If two independent variables are highly correlated (or if three or more are closely linearly related) in the sample, then it can be difficult to estimate their separate effects via regression analysis. If one (or the other) truly belongs in the regression model, then we will find that

  1. when either is included in the analysis, and the other excluded, the t-ratio of the included variable is large, but
  2. when both are included, both t-ratios are small (because there will be substantial uncertainty in the estimates of the two coefficients, resulting in large standard errors of the coefficients).

Difficulties will arise if the prediction equation including both variables is used to make a prediction for an individual with X-values that don't fit the observed relationship between the X's (even when each X-value separately is not very extreme). (You are doing what is sometimes called “hidden extrapolation”.) In such a case, the standard error of the estimated mean can be quite large (and the standard error of the regression much smaller than the standard error of the prediction error).

If judgment suggests that both variables are measuring the same thing, include the one that seems the better measure and exclude the other. If, however, the two variables are truly measuring different things, include them both, but be sure to check the standard error of the prediction when making predictions for individuals.

Stepwise Regression

So, here you are, with a plethora of potential independent variables arrayed before you. There is no substitute for the use of good judgment in choosing which to include in your model. But there is a useful procedure, known as stepwise regression, which can aid you in the development of your model.

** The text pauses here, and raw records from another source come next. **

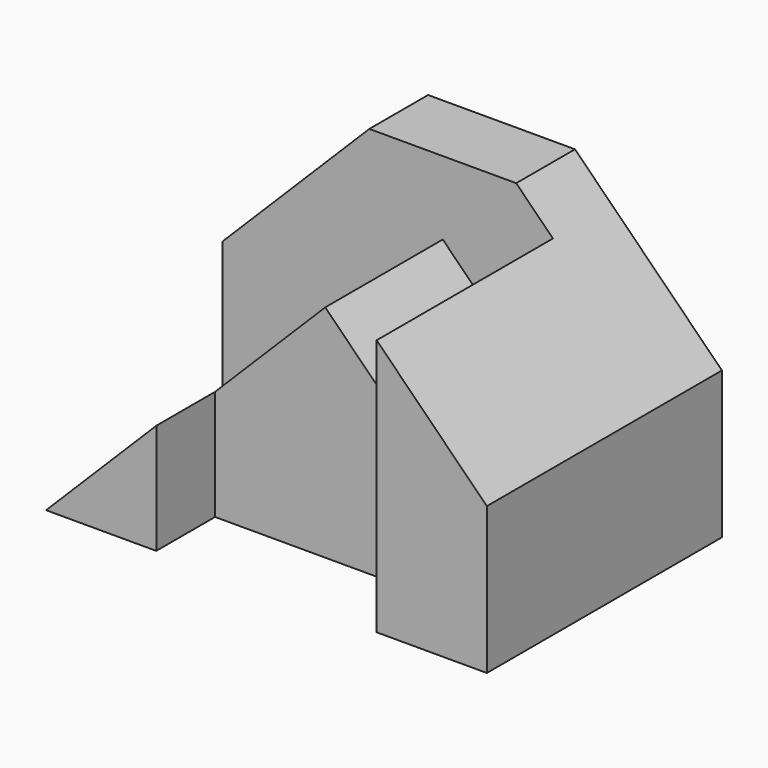
from build123d import *

# Parameters (mm, degrees)
F0_W     = 19.05
F0_H     = 12.7
F0_W_2   = 31.75
F1_DEPTH = 50.8
F3_DEPTH = 50.801
F7_DEPTH = 38.1
F8_DEPTH = 25.4


# Not quite as in the source:
# - a feature names something its author has since deleted; it is built from what else it names


with BuildPart() as f1:
    # F0 (on Top) → F1 (new body)
    with BuildSketch(Plane.XY):
        with Locations((-28.575, 6.35)):
            Rectangle(F0_W, F0_H)
        with Locations((22.225, 6.35)):
            Rectangle(F0_W_2, F0_H)
        Polygon((-19.05, 0), (0, 0), (6.35, 0), (6.35, 12.7), (-19.05, 12.7), align=None)
        Polygon((6.35, 0), (0, 0), (38.1, -38.1), (38.1, 0), align=None)
        Polygon((-38.1, -38.1), (0, 0), (-19.05, 0), (-38.1, 0), align=None)
        Polygon((38.1, -38.1), (0, 0), (-38.1, -38.1), (-19.05, -38.1), (-19.05, -25.4), (19.05, -25.4), (19.05, -38.1), align=None)
    extrude(amount=F1_DEPTH)

    # F2 (on face) → F3 (cut, through all)
    with BuildSketch(Plane(origin=(0, 12.7, 0), x_dir=(-1, 0, 0), z_dir=(0, 1, 0))):
        Polygon((-38.1, 50.8), (-38.1, 25.4), (-12.7, 50.8), align=None)
        Polygon((38.1, 50.8), (12.7, 50.8), (38.1, 25.4), align=None)
    extrude(amount=-F3_DEPTH, mode=Mode.SUBTRACT)

    # F4 (on face) → F7 (cut)
    with BuildSketch(Plane.XZ.offset(38.1)):
        Polygon((-38.1, 25.4), (-38.1, 0), (-19.05, 19.05), (-19.05, 44.45), align=None)
    extrude(amount=-F7_DEPTH, mode=Mode.SUBTRACT)

    # F5 (on face) → F8 (cut)
    with BuildSketch(Plane.XZ.offset(25.4)):
        Polygon((-19.05, 44.45), (-19.05, 19.05), (0, 38.1), (19.05, 19.05), (19.05, 44.45), (12.7, 50.8), (-12.7, 50.8), align=None)
    extrude(amount=-F8_DEPTH, mode=Mode.SUBTRACT)


solid = f1.part

In a “forward” stepwise regression analysis, the computer will begin by examining every possible simple linear regression model, and will show you the one with the highest coefficient of determination.

Keeping the independent variable just selected for the first model, the computer will next examine every two-independent-variables model which includes the already-selected variable and one other, and will show you the one with the highest coefficient of determination.

And so on, adding one variable at a time, the computer will eventually hand you a sequence of models it deems worthy of consideration.

“Backwards” stepwise regression begins with the model including all of the potential independent variables, and successively throws out those which cost the least in terms of reduction of the coefficient of determination. The sequence of models so generated may be different from that generated using forward stepwise regression.

“General” stepwise regression goes merrily on its way, including variables which look good, and throwing them away later if their contribution to the explanatory power of some later model is not too great, and eventually yields a single model. (Which single model depends on what criteria you specify for inclusion and exclusion of variables).

These stepwise regression procedures are available in most commercial software packages, and can be quite helpful in the modeling process. Just don't let the computer's suggestions completely override your own instincts.